A production post-stack time migration adds several refinements to the pedagogical sum above:

• Amplitude weighting. Each contributing sample is weighted by the obliquity factor $\cos\theta$ and the geometric-spreading factor $1/r$ so the operator has a defined inverse. Without these, amplitudes are scrambled.
• Anti-alias filter. The summation operator is a lowpass filter in $k_x$; at steep dips the operator must roll off above its Nyquist or spurious high-frequency bands appear as aperture noise.
• Aperture. Summing over all traces is expensive and contaminates the output with noise from distant events. Production migrations use a finite aperture, usually a few times the deepest dip-corresponding half-wavelength, and taper its edges to avoid truncation ringing.
• Variable velocity. V_mig is a function of $(x,t)$, not a scalar. The hyperbola at each output pixel is computed with the local velocity, so the summation paths bend gently with the velocity field.
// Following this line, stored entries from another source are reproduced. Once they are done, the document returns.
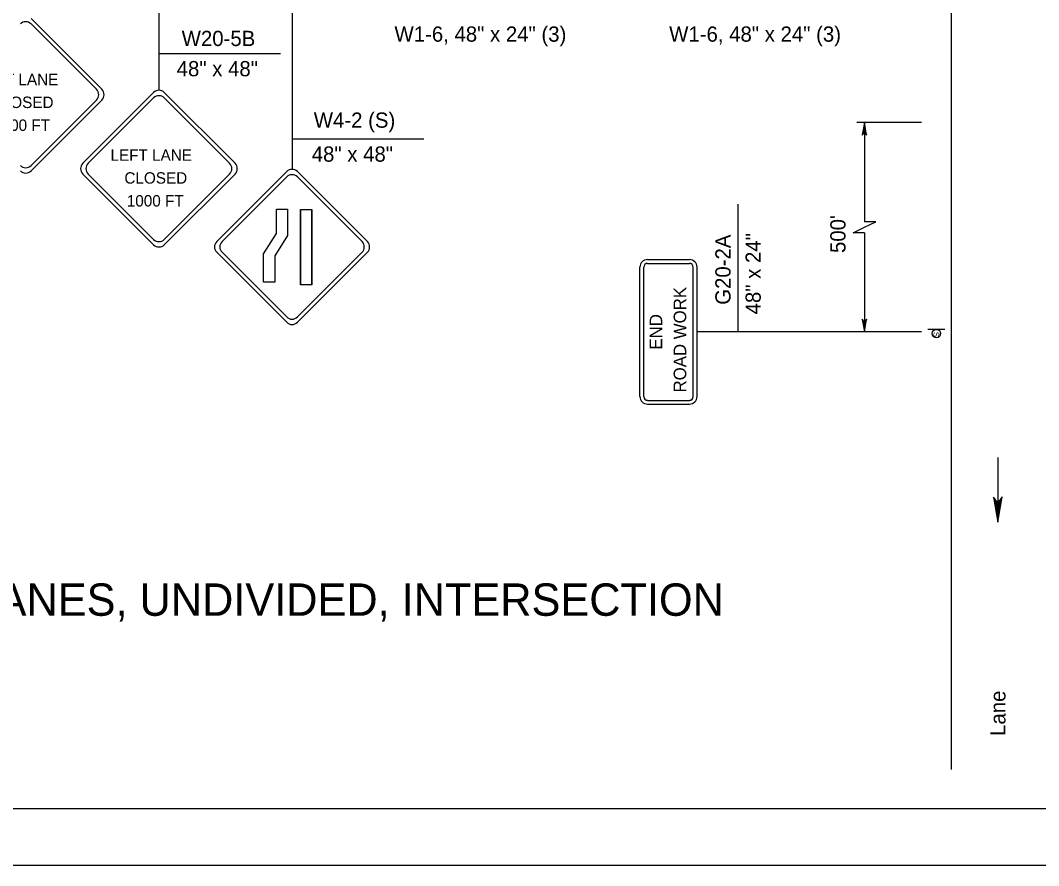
# Model space of a CAD drawing. Extents: x 499945 to 500993, y 499985 to 500645.
# Drawn here: x 500138.4 to 500405.8, y 499985 to 500207 of the extents above; entities that cross this region are included whole.
import ezdxf

# ---------------------------------------------------------------- set-up
doc = ezdxf.new("R2010")
doc.units = 0
for name, color, linetype in [('1', 7, 'Continuous'), ('24', 7, 'Continuous'), ('39', 7, 'Continuous'), ('41', 7, 'Continuous'), ('5', 7, 'Continuous'), ('56', 7, 'Continuous'), ('60', 7, 'Continuous')]:
    doc.layers.add(name, color=color, linetype=linetype)

msp = doc.modelspace()

# ---------------------------------------------------------------- linework, layer by layer
at = {"layer": '1'}
for p, q in [((500174.78, 500265.84), (500174.78, 500188.6)), ((500209.75, 500265.84), (500209.75, 500167.84)), ((500382.86, 500265.07), (500382.86, 500010.23)), ((500357.06, 500151.21), (500360.05, 500152.66)), ((500363.05, 500154.1), (500360.05, 500154.1)), ((500360.05, 500152.66), (500363.05, 500154.1)), ((500360.05, 500151.21), (500357.06, 500151.21)), ((500000, 500000), (500990, 500000)), ((500993, 499985), (499944.83, 499985))]:
    msp.add_line(p, q, dxfattribs=at)
at = {"layer": '24'}
msp.add_line((500395.1, 500092.17), (500395.1, 500080.24), dxfattribs=at)
for points in [[(500360.05, 500180.13), (500359.47, 500176.81), (500360.05, 500177.6), (500360.63, 500176.83), (500360.05, 500180.13), (500360.06, 500179.91), (500359.51, 500176.9), (500360.06, 500177.67), (500360.59, 500176.96), (500360.07, 500179.79), (500360.05, 500179.68), (500359.6, 500177.11), (500360.06, 500177.68), (500360.51, 500177.09), (500360.05, 500179.63), (500360.07, 500179.52), (500359.66, 500177.27), (500360.05, 500177.71), (500360.46, 500177.26), (500360.07, 500179.2), (500360.07, 500179.01), (500359.75, 500177.44), (500360.04, 500177.74), (500360.38, 500177.41), (500360.05, 500178.98), (500360.04, 500178.8), (500359.84, 500177.62), (500360.07, 500177.84), (500360.3, 500177.6), (500360.05, 500178.64), (500360.04, 500178.47), (500359.9, 500177.76), (500360.06, 500177.88), (500360.24, 500177.68), (500360.05, 500178.39), (500359.94, 500177.92), (500360.07, 500177.99), (500360.2, 500177.78), (500360.07, 500178.27), (500359.99, 500177.96), (500360.1, 500178.09), (500360.16, 500177.95), (500360.06, 500178.09), (500360.04, 500178.01)], [(500360.05, 500125.18), (500360.64, 500128.5), (500360.05, 500127.71), (500359.48, 500128.48), (500360.05, 500125.18), (500360.05, 500125.4), (500360.6, 500128.41), (500360.05, 500127.64), (500359.52, 500128.35), (500360.04, 500125.52), (500360.05, 500125.63), (500360.51, 500128.21), (500360.05, 500127.63), (500359.6, 500128.22), (500360.05, 500125.68), (500360.04, 500125.79), (500360.44, 500128.04), (500360.05, 500127.6), (500359.65, 500128.05), (500360.04, 500126.11), (500360.04, 500126.3), (500360.36, 500127.87), (500360.06, 500127.57), (500359.73, 500127.9), (500360.05, 500126.33), (500360.06, 500126.51), (500360.27, 500127.69), (500360.04, 500127.47), (500359.81, 500127.71), (500360.05, 500126.67), (500360.07, 500126.84), (500360.21, 500127.55), (500360.05, 500127.43), (500359.87, 500127.63), (500360.05, 500126.92), (500360.16, 500127.39), (500360.04, 500127.32), (500359.91, 500127.53), (500360.04, 500127.04), (500360.11, 500127.35), (500360.01, 500127.22), (500359.95, 500127.37), (500360.05, 500127.22), (500360.06, 500127.3)], [(500395.1, 500075.18), (500396.27, 500081.83), (500395.1, 500080.24), (500393.94, 500081.8), (500395.1, 500075.18), (500395.08, 500075.62), (500396.18, 500081.64), (500395.08, 500080.12), (500394.03, 500081.53), (500395.06, 500075.86), (500395.1, 500076.08), (500396.01, 500081.24), (500395.08, 500080.08), (500394.18, 500081.27), (500395.1, 500076.18), (500395.06, 500076.41), (500395.88, 500080.91), (500395.1, 500080.04), (500394.29, 500080.93), (500395.06, 500077.05), (500395.06, 500077.42), (500395.71, 500080.58), (500395.12, 500079.97), (500394.45, 500080.63), (500395.1, 500077.49), (500395.12, 500077.84), (500395.52, 500080.22), (500395.06, 500079.76), (500394.61, 500080.26), (500395.1, 500078.17), (500395.13, 500078.51), (500395.4, 500079.93), (500395.08, 500079.7), (500394.73, 500080.08), (500395.1, 500078.68), (500395.32, 500079.61), (500395.06, 500079.47), (500394.81, 500079.88), (500395.06, 500078.91), (500395.22, 500079.52), (500395.01, 500079.27), (500394.89, 500079.56), (500395.08, 500079.27), (500395.12, 500079.42)]]:
    msp.add_lwpolyline(points, dxfattribs=at)
at = {"layer": '41'}
msp.add_lwpolyline([(499944.83, 500645), (500993, 500645), (500993, 499985), (499944.83, 499985)], close=True, dxfattribs=at)
at = {"layer": '5'}
for p, q in [((500174.78, 500198.26), (500206.68, 500198.26)), ((500375.04, 500180.13), (500358.06, 500180.13)), ((500360.05, 500180.13), (500360.05, 500154.1)), ((500209.75, 500175.83), (500244.39, 500175.83)), ((500326.87, 500125.18), (500326.87, 500158.67)), ((500360.05, 500151.21), (500360.05, 500125.18)), ((500375.04, 500125.18), (500316.09, 500125.18))]:
    msp.add_line(p, q, dxfattribs=at)
at = {"layer": '56'}
for p, q in [((500141.22, 500207.44), (500159.79, 500188.87)), ((500141.22, 500206.02), (500158.38, 500188.87)), ((500154.79, 500169.44), (500173.36, 500188.01)), ((500156.2, 500169.44), (500173.36, 500186.6)), ((500176.19, 500188.01), (500194.76, 500169.44)), ((500176.19, 500186.6), (500193.35, 500169.44)), ((500141.22, 500168.88), (500158.38, 500186.04)), ((500141.22, 500167.47), (500159.79, 500186.04)), ((500154.79, 500166.62), (500173.36, 500148.04)), ((500156.2, 500166.62), (500173.36, 500149.46)), ((500176.19, 500149.46), (500193.35, 500166.62)), ((500176.19, 500148.04), (500194.76, 500166.62)), ((500208.35, 500167.26), (500189.97, 500148.87)), ((500208.35, 500165.86), (500191.36, 500148.87)), ((500229.54, 500148.87), (500211.15, 500167.26)), ((500228.14, 500148.87), (500211.15, 500165.86)), ((500208.35, 500127.69), (500189.97, 500146.07)), ((500208.35, 500129.09), (500191.36, 500146.07)), ((500228.14, 500146.07), (500211.15, 500129.09)), ((500229.54, 500146.07), (500211.15, 500127.69)), ((500303.1, 500144.16), (500314.09, 500144.16)), ((500301.1, 500108.19), (500301.1, 500142.16)), ((500302.1, 500108.19), (500302.1, 500142.16)), ((500303.1, 500143.16), (500314.09, 500143.16)), ((500315.09, 500108.19), (500315.09, 500142.16)), ((500316.09, 500108.19), (500316.09, 500142.16)), ((500376.7, 500125.84), (500381.19, 500125.84)), ((500303.1, 500107.19), (500314.09, 500107.19)), ((500303.1, 500106.19), (500314.09, 500106.19))]:
    msp.add_line(p, q, dxfattribs=at)
msp.add_circle((500378.95, 500124.71), 1.12, dxfattribs=at)
for centre, radius, start, end in [((500139.8, 500204.61), 2, 45, 135), ((500156.96, 500187.45), 2, 315, 45), ((500158.37, 500187.45), 2, 315, 45), ((500174.78, 500186.6), 2, 45, 135), ((500174.78, 500185.19), 2, 45, 135), ((500139.8, 500170.29), 2, 225, 315), ((500156.2, 500168.03), 2, 135, 225), ((500157.62, 500168.03), 2, 135, 225), ((500157.62, 500168.03), 2, 135, 225), ((500191.94, 500168.03), 2, 315, 45), ((500193.35, 500168.03), 2, 315, 45), ((500209.75, 500165.86), 1.98, 45, 135), ((500139.8, 500168.88), 2, 225, 315), ((500209.75, 500164.46), 1.98, 45, 135), ((500174.78, 500150.87), 2, 225, 315), ((500191.36, 500147.47), 1.98, 135, 225), ((500192.76, 500147.47), 1.98, 135, 225), ((500226.74, 500147.47), 1.98, 315, 45), ((500228.14, 500147.47), 1.98, 315, 45), ((500174.78, 500149.46), 2, 225, 315), ((500303.1, 500142.16), 2, 90, 180), ((500314.09, 500142.16), 2, 0, 90), ((500303.1, 500142.16), 0.999, 90, 180), ((500314.09, 500142.16), 0.999, 0, 90), ((500209.75, 500130.49), 1.98, 225, 315), ((500209.75, 500129.09), 1.98, 225, 315), ((500303.1, 500108.19), 2, 180, 270), ((500303.1, 500108.19), 0.999, 180, 270), ((500314.09, 500108.19), 2, 270, 0), ((500314.09, 500108.19), 0.999, 270, 0)]:
    msp.add_arc(centre, radius, start, end, dxfattribs=at)
at = {"layer": '60'}
for p, q in [((500174.78, 500188.6), (500174.78, 500188.6)), ((500209.75, 500167.84), (500209.75, 500167.84)), ((500139.8, 500166.88), (500139.8, 500166.88)), ((500174.78, 500147.46), (500174.78, 500147.46)), ((500209.75, 500127.11), (500209.75, 500127.11)), ((500301.1, 500125.18), (500301.1, 500125.18)), ((500316.09, 500125.18), (500316.09, 500125.18))]:
    msp.add_line(p, q, dxfattribs=at)
for points in [[(500208.58, 500157.38), (500208.58, 500150.46), (500205.2, 500145.12), (500205.2, 500138.2), (500202.23, 500138.2), (500202.23, 500145.64), (500205.62, 500150.98), (500205.62, 500157.38)], [(500211.97, 500137.53), (500211.97, 500157.31), (500211.97, 500157.31), (500211.97, 500137.53)], [(500214.94, 500157.31), (500214.94, 500137.53), (500211.97, 500137.53), (500211.97, 500157.31)], [(500214.94, 500157.31), (500214.94, 500137.53), (500214.94, 500137.53), (500214.94, 500157.31)]]:
    msp.add_lwpolyline(points, close=True, dxfattribs=at)
msp.add_circle((500378.95, 500124.71), 1.12, dxfattribs=at)

# ---------------------------------------------------------------- texts
at = {"layer": '1'}
for s, height, p in [('LEFT LANE', 3, (500126.96, 500189.95)), ('CLOSED', 3, (500130.61, 500183.95)), ('1500 FT', 3, (500131.24, 500177.95)), ('LEFT LANE', 3, (500162.06, 500170.09)), ('CLOSED', 3, (500165.71, 500164.09)), ('1000 FT', 3, (500166.34, 500158.09)), ('4 LANES, UNDIVIDED, INTERSECTION', 8.5, (500116.62, 500050.61))]:
    msp.add_text(s, height=height, dxfattribs=at).set_placement(p)
msp.add_text("500'", height=4, rotation=90, dxfattribs=at).set_placement((500355.09, 500145.88))
at = {"layer": '39'}
msp.add_text('W1-6, 48" x 24" (3)', height=4, dxfattribs=at).set_placement((500236.65, 500201.37))
for s, height, p in [('48" x 24"', 4, (500332.83, 500129.76)), ('ROAD WORK', 3.3, (500313.25, 500109.25)), ('END', 3.3, (500306.95, 500120.52))]:
    msp.add_text(s, height=height, rotation=90, dxfattribs=at).set_placement(p)
at = {"layer": '5'}
for s, p in [('W1-6, 48" x 24" (3)', (500308.78, 500201.37)), ('W20-5B', (500180.76, 500200.23)), ('48" x 48"', (500179.44, 500192.29)), ('W4-2 (S)', (500215.45, 500178.78)), ('48" x 48"', (500214.91, 500169.86))]:
    msp.add_text(s, height=4, dxfattribs=at).set_placement(p)
for s, p in [('G20-2A', (500324.9, 500132.28)), ('Lane', (500397.1, 500019.07))]:
    msp.add_text(s, height=4, rotation=90, dxfattribs=at).set_placement(p)
at = {"layer": '56'}
msp.add_text('S', height=1.5, rotation=270, dxfattribs=at).set_placement((500378.2, 500125.17))

doc.saveas('drawing.dxf')

6. When to stop trusting it

Post-stack time migration is cheap and fast; use it as a first-pass image on almost every project. Replace it when:

• Dips exceed ~45° (move to PSTM, §5.3).
• Lateral velocity contrasts cause visible defocus you cannot tune away (move to depth migration, §5.4+).
• You need amplitude-faithful output for AVO or inversion (move to pre-stack or depth-migration workflows with proper weighting).

Where this goes next

§5.3 moves the operator to before the stack. Pre-stack time migration maps each pre-stack trace directly to its image contribution, handling dip-dependent NMO and steep dips that post-stack cannot.

References

• Schneider, W. A. (1978). Integral formulation for migration in two and three dimensions. Geophysics, 43, 49.
• Stolt, R. H. (1978). Migration by Fourier transform. Geophysics, 43, 23.
• Gazdag, J. (1978). Wave equation migration with the phase-shift method. Geophysics, 43, 1342.
• Yilmaz, Ö. (2001). Seismic Data Analysis (2 vols.). SEG.
• Stolt, R. H., Benson, A. K. (1986). Seismic Migration: Theory and Practice. Geophysical Press.